The example has all its vertices in the circles collection, and an edges edge collection to connect them. Circles have unique numeric labels. Edges have two boolean attributes (theFalse always being false, theTruth always being true) and a label sorting B - D to the left side, G - K to the right side. Left and right side split into Paths - at B and G which are each direct neighbours of the root-node A. Starting from A the graph has a depth of 3 on all its paths.

arangosh> var examples = require("@arangodb/graph-examples/example-graph.js");
arangosh> var g = examples.loadGraph("traversalGraph");
arangosh> db.circles.toArray();
arangosh> db.edges.toArray();
arangosh> examples.dropGraph("traversalGraph");
show execution results

The World Graph

The world country graph structures its nodes like that: world → continent → country → capital. In some cases edge directions aren't forward (therefore it will be displayed disjunct in the graph viewer). It has two ways of creating it. One using the named graph utilities (worldCountry), one without (worldCountryUnManaged). It is used to demonstrate raw traversal operations.
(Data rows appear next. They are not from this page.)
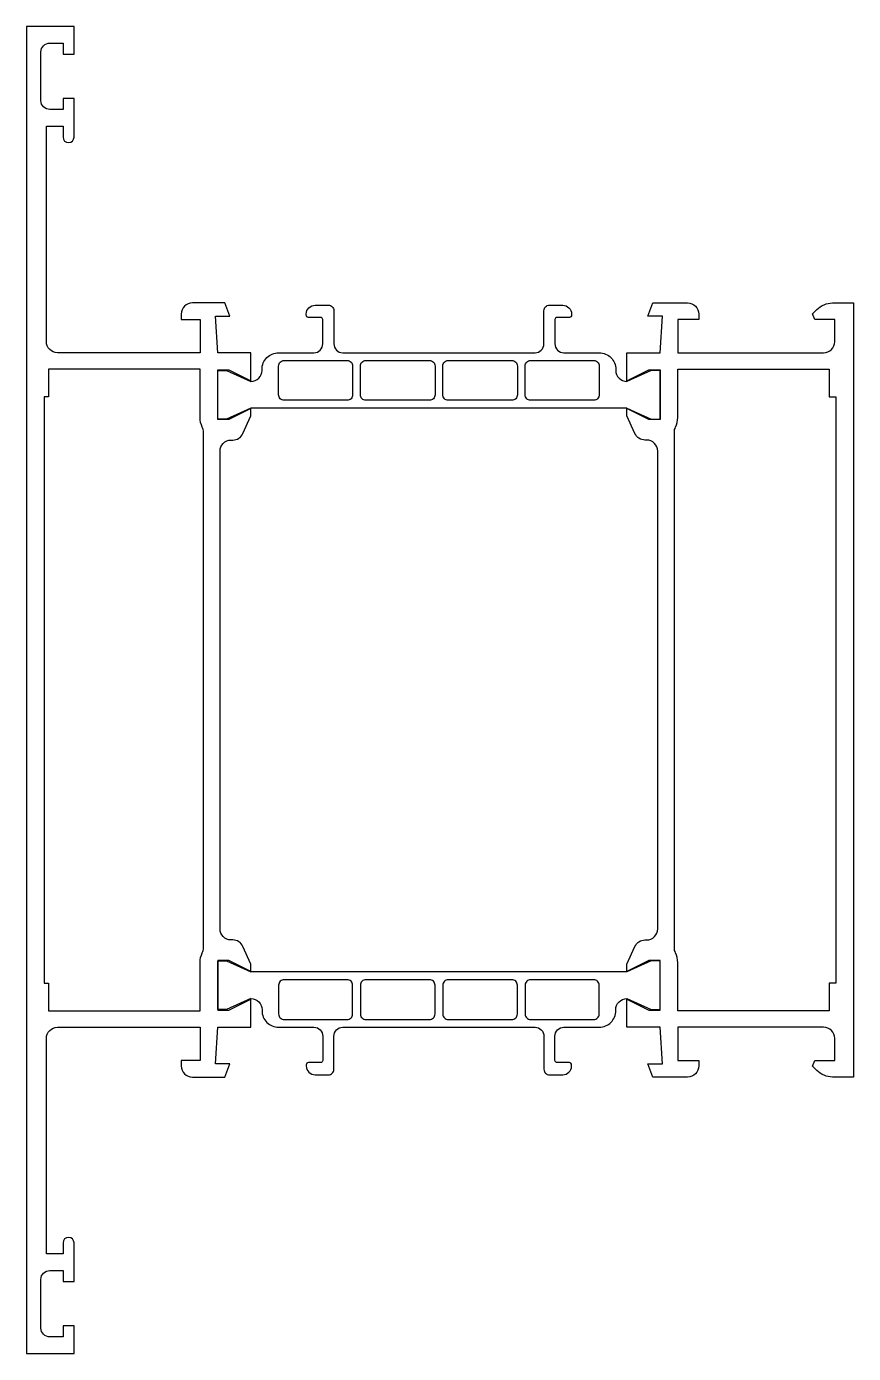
# Model space of a CAD drawing. Header units: millimetres. Extents: x 0 to 75, y 0 to 120.
import ezdxf

# ---------------------------------------------------------------- set-up
doc = ezdxf.new("R2010")
doc.units = ezdxf.units.MM

msp = doc.modelspace()

# ---------------------------------------------------------------- linework, layer by layer
for points in [[(15, 95, 0.414214), (14, 94), (14, 93.5), (15.7, 93.5), (15.7, 90.5), (2.8, 90.5, -0.414214), (1.8, 91.5), (1.8, 111), (3.3, 111), (3.3, 110, 1), (4.3, 110), (4.3, 113.5), (3.3, 113.5), (3.3, 112.5), (2.1, 112.5, -0.414214), (1.3, 113.3), (1.3, 117.7, -0.414214), (2.1, 118.5), (3.3, 118.5), (3.3, 117.5), (4.3, 117.5), (4.3, 120), (0, 120), (0, 0), (4.3, 0), (4.3, 2.5), (3.3, 2.5), (3.3, 1.5), (2.1, 1.5, -0.414214), (1.3, 2.3), (1.3, 6.7, -0.414214), (2.1, 7.5), (3.3, 7.5), (3.3, 6.5), (4.3, 6.5), (4.3, 10, 1), (3.3, 10), (3.3, 9), (1.8, 9), (1.8, 28.5, -0.414214), (2.8, 29.5), (15.7, 29.5), (15.7, 26.5), (14, 26.5), (14, 26, 0.414214), (15, 25), (17.95, 25), (18.39, 26.2), (17.08, 26.2), (17.3, 29.5), (20.3, 29.5), (20.3, 32.1), (18.1, 31.1), (17.3, 31.1), (17.3, 35.5), (18.1, 35.5), (20.3, 34.5), (20.3, 35.2), (19.57, 36.81, 0.294108), (18.66, 37.4), (18.5, 37.4, -0.414214), (17.5, 38.4), (17.5, 81.6, -0.414214), (18.5, 82.6), (18.66, 82.6, 0.294108), (19.57, 83.19), (20.3, 84.8), (20.3, 85.5), (18.1, 84.5), (17.3, 84.5), (17.3, 88.9), (18.1, 88.9), (20.3, 87.9), (20.3, 90.5), (17.3, 90.5), (17.08, 93.8), (18.39, 93.8), (17.95, 95), (15, 95)], [(74.8, 25), (72.9, 25, -0.198912), (71.49, 25.59), (71.09, 25.99), (71.3, 26.5), (73.1, 26.5), (73.1, 28.5, 0.414214), (72.1, 29.5), (58.9, 29.5), (58.9, 26.5), (60.8, 26.5), (60.8, 26, -0.414214), (59.8, 25), (56.65, 25), (56.21, 26.2), (57.52, 26.2), (57.3, 29.5), (54.3, 29.5), (54.3, 32.1), (56.5, 31.1), (57.3, 31.1), (57.3, 35.5), (56.5, 35.5), (54.3, 34.5), (54.3, 35.2), (55.03, 36.81, -0.294108), (55.94, 37.4), (56.1, 37.4, 0.414214), (57.1, 38.4), (57.1, 81.6, 0.414214), (56.1, 82.6), (55.94, 82.6, -0.294108), (55.03, 83.19), (54.3, 84.8), (54.3, 85.5), (56.5, 84.5), (57.3, 84.5), (57.3, 88.9), (56.5, 88.9), (54.3, 87.9), (54.3, 90.5), (57.3, 90.5), (57.52, 93.8), (56.21, 93.8), (56.65, 95), (59.8, 95, -0.414214), (60.8, 94), (60.8, 93.5), (58.9, 93.5), (58.9, 90.5), (72.1, 90.5, 0.414214), (73.1, 91.5), (73.1, 93.5), (71.3, 93.5), (71.09, 94.01), (71.49, 94.41, -0.198912), (72.9, 95), (74.8, 95), (74.8, 25)], [(54.3, 87.9), (54.3, 87.95), (56.3, 88.95), (57.3, 88.95), (57.3, 84.45), (56.3, 84.45), (54.3, 85.45), (54.3, 85.5), (20.3, 85.5), (20.3, 85.45), (18.3, 84.45), (17.3, 84.45), (17.3, 88.95), (18.3, 88.95), (20.3, 87.95), (20.3, 87.9, 0.414214), (21.3, 88.9), (21.3, 89, -0.414214), (22.8, 90.5), (26, 90.5, 0.414214), (26.8, 91.3), (26.8, 93.5, 0.414214), (26.6, 93.7), (25.5, 93.7, -0.414214), (25.3, 93.9), (25.3, 94, -0.414214), (26.1, 94.8), (27.3, 94.8, -0.414214), (27.8, 94.3), (27.8, 91.3, 0.414214), (28.6, 90.5), (46, 90.5, 0.414214), (46.8, 91.3), (46.8, 94.3, -0.414214), (47.3, 94.8), (48.5, 94.8, -0.414214), (49.3, 94), (49.3, 93.9, -0.414214), (49.1, 93.7), (48, 93.7, 0.414214), (47.8, 93.5), (47.8, 91.3, 0.414214), (48.6, 90.5), (51.8, 90.5, -0.414214), (53.3, 89), (53.3, 88.9, 0.414214), (54.3, 87.9)], [(1.6, 86.5), (1.6, 33.5), (2, 33.5), (2, 31), (15.7, 31), (15.7, 35.35, -0.112281), (15.9, 36.24, 0.112281), (16, 36.67), (16, 83.33, 0.112281), (15.9, 83.76, -0.112281), (15.7, 84.65), (15.7, 89), (2, 89), (2, 86.5), (1.6, 86.5)], [(22.8, 86.7), (22.8, 89.3, -0.414214), (23.3, 89.8), (29, 89.8, -0.414214), (29.5, 89.3), (29.5, 86.7, -0.414214), (29, 86.2), (23.3, 86.2, -0.414214), (22.8, 86.7)], [(30.2, 86.7), (30.2, 89.3, -0.414214), (30.7, 89.8), (36.45, 89.8, -0.414214), (36.95, 89.3), (36.95, 86.7, -0.414214), (36.45, 86.2), (30.7, 86.2, -0.414214), (30.2, 86.7)], [(44.4, 86.7, -0.414214), (43.9, 86.2), (38.15, 86.2, -0.414214), (37.65, 86.7), (37.65, 89.3, -0.414214), (38.15, 89.8), (43.9, 89.8, -0.414214), (44.4, 89.3), (44.4, 86.7)], [(45.1, 86.7), (45.1, 89.3, -0.414214), (45.6, 89.8), (51.3, 89.8, -0.414214), (51.8, 89.3), (51.8, 86.7, -0.414214), (51.3, 86.2), (45.6, 86.2, -0.414214), (45.1, 86.7)], [(73.2, 86.5), (73.2, 33.5), (72.6, 33.5), (72.6, 31), (58.9, 31), (58.9, 35.35, 0.112281), (58.7, 36.24, -0.112281), (58.6, 36.67), (58.6, 83.33, -0.112281), (58.7, 83.76, 0.112281), (58.9, 84.65), (58.9, 89), (72.6, 89), (72.6, 86.5), (73.2, 86.5)], [(54.3, 32.1), (54.3, 32.05), (56.3, 31.05), (57.3, 31.05), (57.3, 35.55), (56.3, 35.55), (54.3, 34.55), (54.3, 34.5), (20.3, 34.5), (20.3, 34.55), (18.3, 35.55), (17.3, 35.55), (17.3, 31.05), (18.3, 31.05), (20.3, 32.05), (20.3, 32.1, -0.414214), (21.3, 31.1), (21.3, 31, 0.414214), (22.8, 29.5), (26, 29.5, -0.414214), (26.8, 28.7), (26.8, 26.5, -0.414214), (26.6, 26.3), (25.5, 26.3, 0.414214), (25.3, 26.1), (25.3, 26, 0.414214), (26.1, 25.2), (27.3, 25.2, 0.414214), (27.8, 25.7), (27.8, 28.7, -0.414214), (28.6, 29.5), (46, 29.5, -0.414214), (46.8, 28.7), (46.8, 25.7, 0.414214), (47.3, 25.2), (48.5, 25.2, 0.414214), (49.3, 26), (49.3, 26.1, 0.414214), (49.1, 26.3), (48, 26.3, -0.414214), (47.8, 26.5), (47.8, 28.7, -0.414214), (48.6, 29.5), (51.8, 29.5, 0.414214), (53.3, 31), (53.3, 31.1, -0.414214), (54.3, 32.1)], [(22.8, 33.3), (22.8, 30.7, 0.414214), (23.3, 30.2), (29, 30.2, 0.414214), (29.5, 30.7), (29.5, 33.3, 0.414214), (29, 33.8), (23.3, 33.8, 0.414214), (22.8, 33.3)], [(30.2, 33.3), (30.2, 30.7, 0.414214), (30.7, 30.2), (36.45, 30.2, 0.414214), (36.95, 30.7), (36.95, 33.3, 0.414214), (36.45, 33.8), (30.7, 33.8, 0.414214), (30.2, 33.3)], [(44.4, 33.3, 0.414214), (43.9, 33.8), (38.15, 33.8, 0.414214), (37.65, 33.3), (37.65, 30.7, 0.414214), (38.15, 30.2), (43.9, 30.2, 0.414214), (44.4, 30.7), (44.4, 33.3)], [(45.1, 33.3), (45.1, 30.7, 0.414214), (45.6, 30.2), (51.3, 30.2, 0.414214), (51.8, 30.7), (51.8, 33.3, 0.414214), (51.3, 33.8), (45.6, 33.8, 0.414214), (45.1, 33.3)]]:
    msp.add_lwpolyline(points, format="xyb", close=True)

doc.saveas('drawing.dxf')

arangosh> var examples = require("@arangodb/graph-examples/example-graph.js");
arangosh> var g = examples.loadGraph("worldCountry");
arangosh> db.worldVertices.toArray();
arangosh> db.worldEdges.toArray();
arangosh> examples.dropGraph("worldCountry");
arangosh> var g = examples.loadGraph("worldCountryUnManaged");
arangosh> examples.dropGraph("worldCountryUnManaged");
show execution results

Cookbook examples

The above referenced chapters describe the various APIs of ArangoDBs graph engine with small examples. Our cookbook has some more real life examples:

Higher volume graph examples

All of the above examples are rather small so they are easier to comprehend and can demonstrate the way the functionality works. There are however several datasets freely available on the web that are a lot bigger. We collected some of them with import scripts so you may play around with them. Another huge graph is the Pokec social network from Slovakia that we used for performance testing on several databases; You will find importing scripts etc. in this blogpost.